Taking the more common, Perl semantics, /[ab]./ means the target string contains a sequence consisting of an 'a' or 'b' followed by at least one (non-line separator) character. In other words, at ANY point, the condition is TRUE. The inverse of that statement is, at EVERY point the condition is FALSE. That means, before you consume each character, you perform a negative lookahead to confirm that the character isn't the beginning of a matching sequence:
(?![ab].).
And you have to examine every character, so the regex has to be anchored at both ends:
/^(?:(?![ab].).)*$/
That's the general idea, but I don't think it's possible to invert every regex--not when the original regexes can include positive and negative lookarounds, reluctant and possessive quantifiers, and who-knows-what.

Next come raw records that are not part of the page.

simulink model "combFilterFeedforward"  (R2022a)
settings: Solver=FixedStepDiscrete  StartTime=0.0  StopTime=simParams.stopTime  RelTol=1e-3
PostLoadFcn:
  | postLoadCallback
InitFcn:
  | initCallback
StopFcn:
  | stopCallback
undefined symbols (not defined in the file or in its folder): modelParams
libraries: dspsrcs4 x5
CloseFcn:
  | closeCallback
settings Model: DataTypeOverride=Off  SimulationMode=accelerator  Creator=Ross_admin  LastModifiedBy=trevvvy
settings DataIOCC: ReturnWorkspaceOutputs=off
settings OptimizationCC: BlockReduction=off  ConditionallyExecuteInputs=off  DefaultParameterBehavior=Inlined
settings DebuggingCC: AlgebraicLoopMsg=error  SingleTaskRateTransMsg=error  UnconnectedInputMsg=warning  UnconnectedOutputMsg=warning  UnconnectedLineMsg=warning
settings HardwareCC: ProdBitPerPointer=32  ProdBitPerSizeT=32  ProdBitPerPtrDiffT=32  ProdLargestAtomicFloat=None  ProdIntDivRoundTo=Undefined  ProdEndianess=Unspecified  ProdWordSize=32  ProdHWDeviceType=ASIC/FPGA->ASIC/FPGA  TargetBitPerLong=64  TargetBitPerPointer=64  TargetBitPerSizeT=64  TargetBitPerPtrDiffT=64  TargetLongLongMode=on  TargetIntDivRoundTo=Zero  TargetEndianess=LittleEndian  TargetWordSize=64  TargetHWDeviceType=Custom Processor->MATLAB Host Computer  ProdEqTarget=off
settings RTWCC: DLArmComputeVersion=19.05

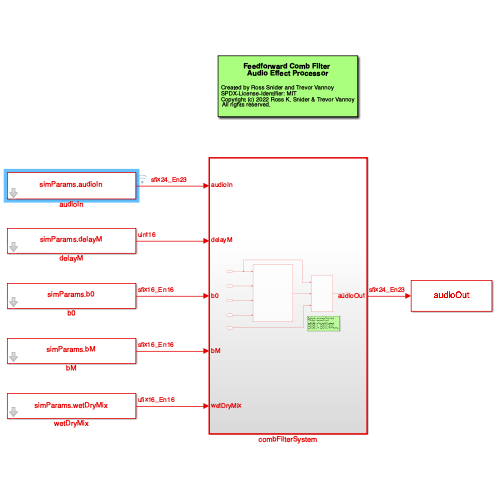
[thumbnail: Simulink's stored preview of the top-level diagram]
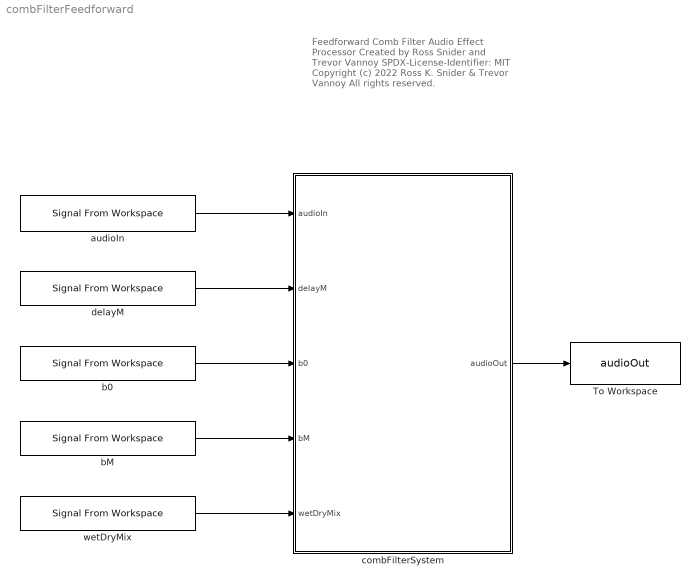
== system combFilterFeedforward ==
  note: Feedforward Comb Filter
      | Audio Effect Processor
      |
      | Created by Ross Snider and Trevor Vannoy
      | SPDX-License-Identifier: MIT
      | Copyright (c) 2022 Ross K. Snider & Trevor Vannoy
      | All rights reserved.
  To Workspace : ToWorkspace  VariableName=audioOut  SampleTime=-1
      settings: Save2DSignal=2-D array (concatenate along first dimension)
  audioIn : dspsrcs4/Signal From Workspace  X=simParams.audioIn  Ts=modelParams.audio.samplePeriod  nsamps=1  OutputAfterFinalValue=Setting to zero  ignoreOrWarnInputAndFrameLengths=off  OutputFrames=off
  b0 : dspsrcs4/Signal From Workspace  X=simParams.b0  Ts=modelParams.audio.samplePeriod  nsamps=1  OutputAfterFinalValue=Holding final value  ignoreOrWarnInputAndFrameLengths=off  OutputFrames=off
  bM : dspsrcs4/Signal From Workspace  X=simParams.bM  Ts=modelParams.audio.samplePeriod  nsamps=1  OutputAfterFinalValue=Holding final value  ignoreOrWarnInputAndFrameLengths=off  OutputFrames=off
  combFilterSystem : Subsystem  TreatAsAtomicUnit=on
  delayM : dspsrcs4/Signal From Workspace  X=simParams.delayM  Ts=modelParams.audio.samplePeriod  nsamps=1  OutputAfterFinalValue=Holding final value  ignoreOrWarnInputAndFrameLengths=off  OutputFrames=off
  wetDryMix : dspsrcs4/Signal From Workspace  X=simParams.wetDryMix  Ts=modelParams.audio.samplePeriod  nsamps=1  OutputAfterFinalValue=Holding final value  ignoreOrWarnInputAndFrameLengths=off  OutputFrames=off
  wires:
  combFilterSystem/1(audioOut) -> To Workspace/1
  audioIn/1 -> combFilterSystem/1(audioIn)
  wetDryMix/1 -> combFilterSystem/5(wetDryMix)
  delayM/1 -> combFilterSystem/2(delayM)
  b0/1 -> combFilterSystem/3(b0)
  bM/1 -> combFilterSystem/4(bM)

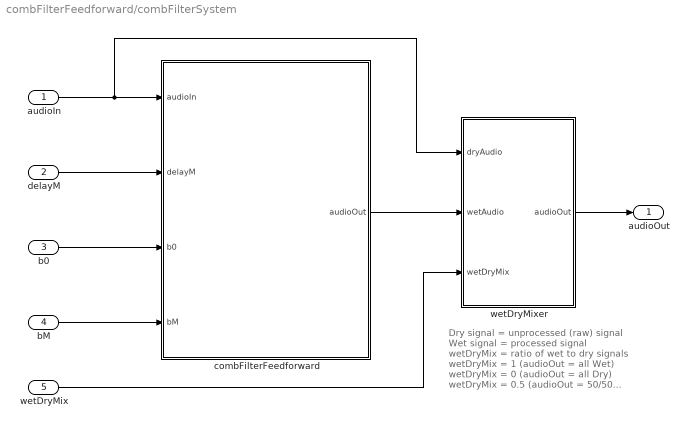
== system combFilterFeedforward/combFilterSystem ==
  note: Dry signal = unprocessed (raw) signal
      | Wet signal = processed signal
      |
      | wetDryMix = ratio of wet to dry signals
      | wetDryMix = 1 (audioOut = all Wet)
      | wetDryMix = 0 (audioOut = all Dry)
      | wetDryMix = 0.5 (audioOut = 50/50 Wet/Dry)
  audioIn : Inport
  delayM : Inport  Port=2
  b0 : Inport  Port=3
  bM : Inport  Port=4
  wetDryMix : Inport  Port=5
  combFilterFeedforward : Subsystem
  wetDryMixer : Subsystem
  audioOut : Outport
  wires:
  delayM/1 -> combFilterFeedforward/2(delayM)
  combFilterFeedforward/1(audioOut) -> wetDryMixer/2(wetAudio)
  audioIn/1 -> wetDryMixer/1(dryAudio), combFilterFeedforward/1(audioIn)
  wetDryMixer/1(audioOut) -> audioOut/1
  b0/1 -> combFilterFeedforward/3(b0)
  bM/1 -> combFilterFeedforward/4(bM)
  wetDryMix/1 -> wetDryMixer/3(wetDryMix)

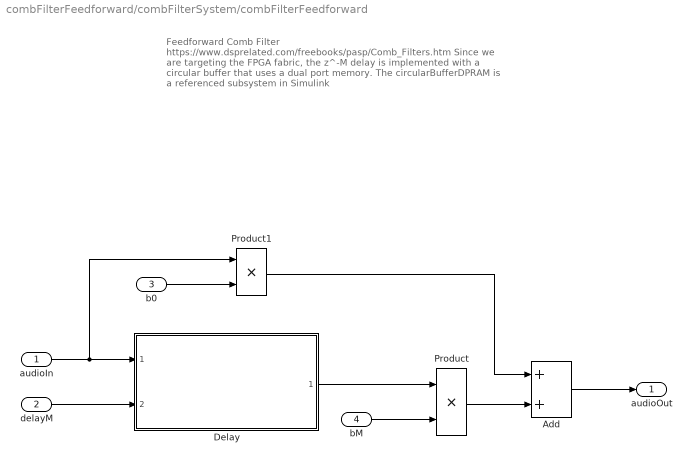
== system combFilterFeedforward/combFilterSystem/combFilterFeedforward ==
  note: Feedforward Comb Filter
      |
      | https://www.dsprelated.com/freebooks/pasp/Comb_Filters.htm
      |
      | Since we are targeting the FPGA fabric, the z^-M delay is implemented with a circular buffer that uses a
      | dual port memory. The circularBufferDPRAM is a
      | referenced subsystem in Simulink
  audioIn : Inport
  delayM : Inport  Port=2
  b0 : Inport  Port=3
  bM : Inport  Port=4
  Add : Sum  OutDataTypeStr=fixdt(1, modelParams.audio.wordLength, modelParams.audio.fractionLength)  SaturateOnIntegerOverflow=on
  Delay : Subsystem  ReferencedSubsystem=circularBufferDPRAM
  Product : Product  OutDataTypeStr=fixdt(1, modelParams.audio.wordLength, modelParams.audio.fractionLength)
  Product1 : Product  OutDataTypeStr=fixdt(1, modelParams.audio.wordLength, modelParams.audio.fractionLength)
  audioOut : Outport
  wires:
  audioIn/1 -> Product1/1, Delay/1
  Delay/1 -> Product/1
  Product1/1 -> Add/1
  Add/1 -> audioOut/1
  b0/1 -> Product1/2
  delayM/1 -> Delay/2
  bM/1 -> Product/2
  Product/1 -> Add/2

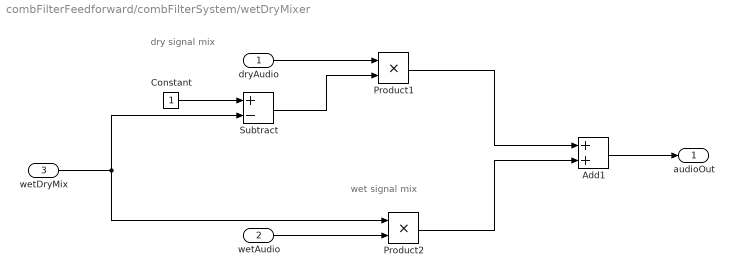
== system combFilterFeedforward/combFilterSystem/wetDryMixer ==
  note: wet signal mix
  note: dry signal mix
  dryAudio : Inport
  wetAudio : Inport  Port=2
  wetDryMix : Inport  Port=3
  Add1 : Sum  OutDataTypeStr=fixdt(1, modelParams.audio.wordLength, modelParams.audio.fractionLength)  SaturateOnIntegerOverflow=on
  Constant : Constant  OutDataTypeStr=fixdt(0,1,0)  SampleTime=modelParams.audio.samplePeriod
  Product1 : Product  OutDataTypeStr=fixdt(1, modelParams.audio.wordLength, modelParams.audio.fractionLength)
  Product2 : Product  OutDataTypeStr=fixdt(1, modelParams.audio.wordLength, modelParams.audio.fractionLength)
  Subtract : Sum  Inputs=+-  OutDataTypeStr=fixdt(1,modelParams.audio.wordLength,modelParams.audio.fractionLength)
  audioOut : Outport
  wires:
  Product2/1 -> Add1/2
  Add1/1 -> audioOut/1
  Product1/1 -> Add1/1
  Constant/1 -> Subtract/1
  wetAudio/1 -> Product2/2
  Subtract/1 -> Product1/2
  wetDryMix/1 -> Product2/1, Subtract/2
  dryAudio/1 -> Product1/1
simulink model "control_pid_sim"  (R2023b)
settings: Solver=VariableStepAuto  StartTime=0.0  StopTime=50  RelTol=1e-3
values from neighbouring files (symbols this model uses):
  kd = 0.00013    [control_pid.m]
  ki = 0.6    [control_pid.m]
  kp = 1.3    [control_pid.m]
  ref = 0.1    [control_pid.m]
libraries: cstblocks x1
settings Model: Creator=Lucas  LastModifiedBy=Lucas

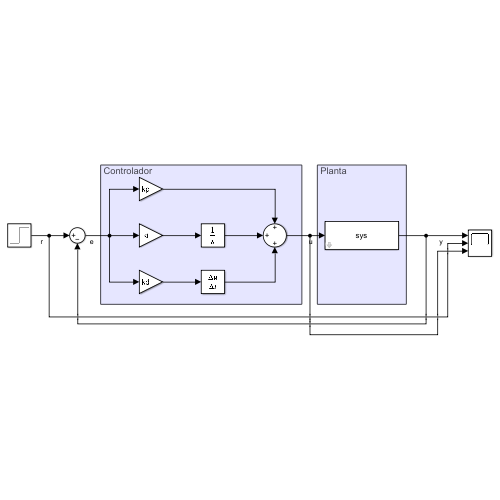
[thumbnail: Simulink's stored preview of the top-level diagram]
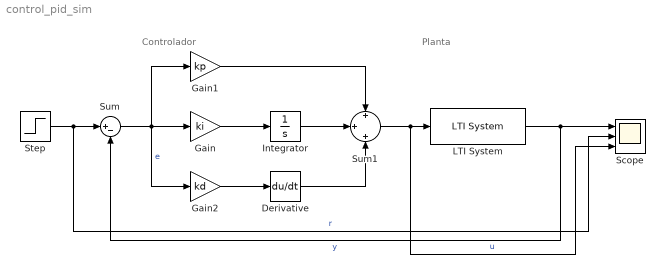
== system control_pid_sim ==
  note: Controlador
  note: Planta
  Derivative : Derivative
  Gain : Gain  Gain=ki
  Gain1 : Gain  Gain=kp
  Gain2 : Gain  Gain=kd
  Integrator : Integrator
  LTI System : cstblocks/LTI System  sys=sys  IC=[]  PadeOrder=0
  Scope : Scope  NumInputPorts=3
  Step : Step  After=ref  SampleTime=0
  Sum : Sum  Inputs=|+-
  Sum1 : Sum  Inputs=+|+|+
  wires:
  Step/1 -> Scope/2, Sum/1  "r"
  Gain/1 -> Integrator/1
  Gain2/1 -> Derivative/1
  Integrator/1 -> Sum1/2
  Gain1/1 -> Sum1/1
  Derivative/1 -> Sum1/3
  Sum/1 -> Gain2/1, Gain1/1, Gain/1  "e"
  Sum1/1 -> Scope/3, LTI System/1  "u"
  LTI System/1 -> Sum/2, Scope/1  "y"

You can invert the character set by writing a ^ at the start ([^…]). So the opposite expression of [ab] (match either a or b) is [^ab] (match neither a nor b).
But the more complex your expression gets, the more complex is the complementary expression too. An example:
You want to match the literal foo. An expression, that does match anything else but a string that contains foo would have to match either
any string that’s shorter than foo (^.{0,2}$), or
any three characters long string that’s not foo (^([^f]..|f[^o].|fo[^o])$), or
any longer string that does not contain foo.
All together this may work:
^[^fo]*(f+($|[^o]|o($|[^fo]*)))*$
But note: This does only apply to foo.
You can also do this (in python) by using re.split, and splitting based on your regular expression, thus returning all the parts that don't match the regex, how to find the converse of a regex
In perl you can anti-match with $string !~ /regex/;.
With grep, you can use --invert-match or -v.
Java Regexps have an interesting way of doing this (can test here) where you can create a greedy optional match for the string you want, and then match data after it. If the greedy match fails, it's optional so it doesn't matter, if it succeeds, it needs some extra data to match the second expression and so fails.
It looks counter-intuitive, but works.
Eg (foo)?+.+ matches bar, foox and xfoo but won't match foo (or an empty string).
It might be possible in other dialects, but couldn't get it to work myself (they seem more willing to backtrack if the second match fails?)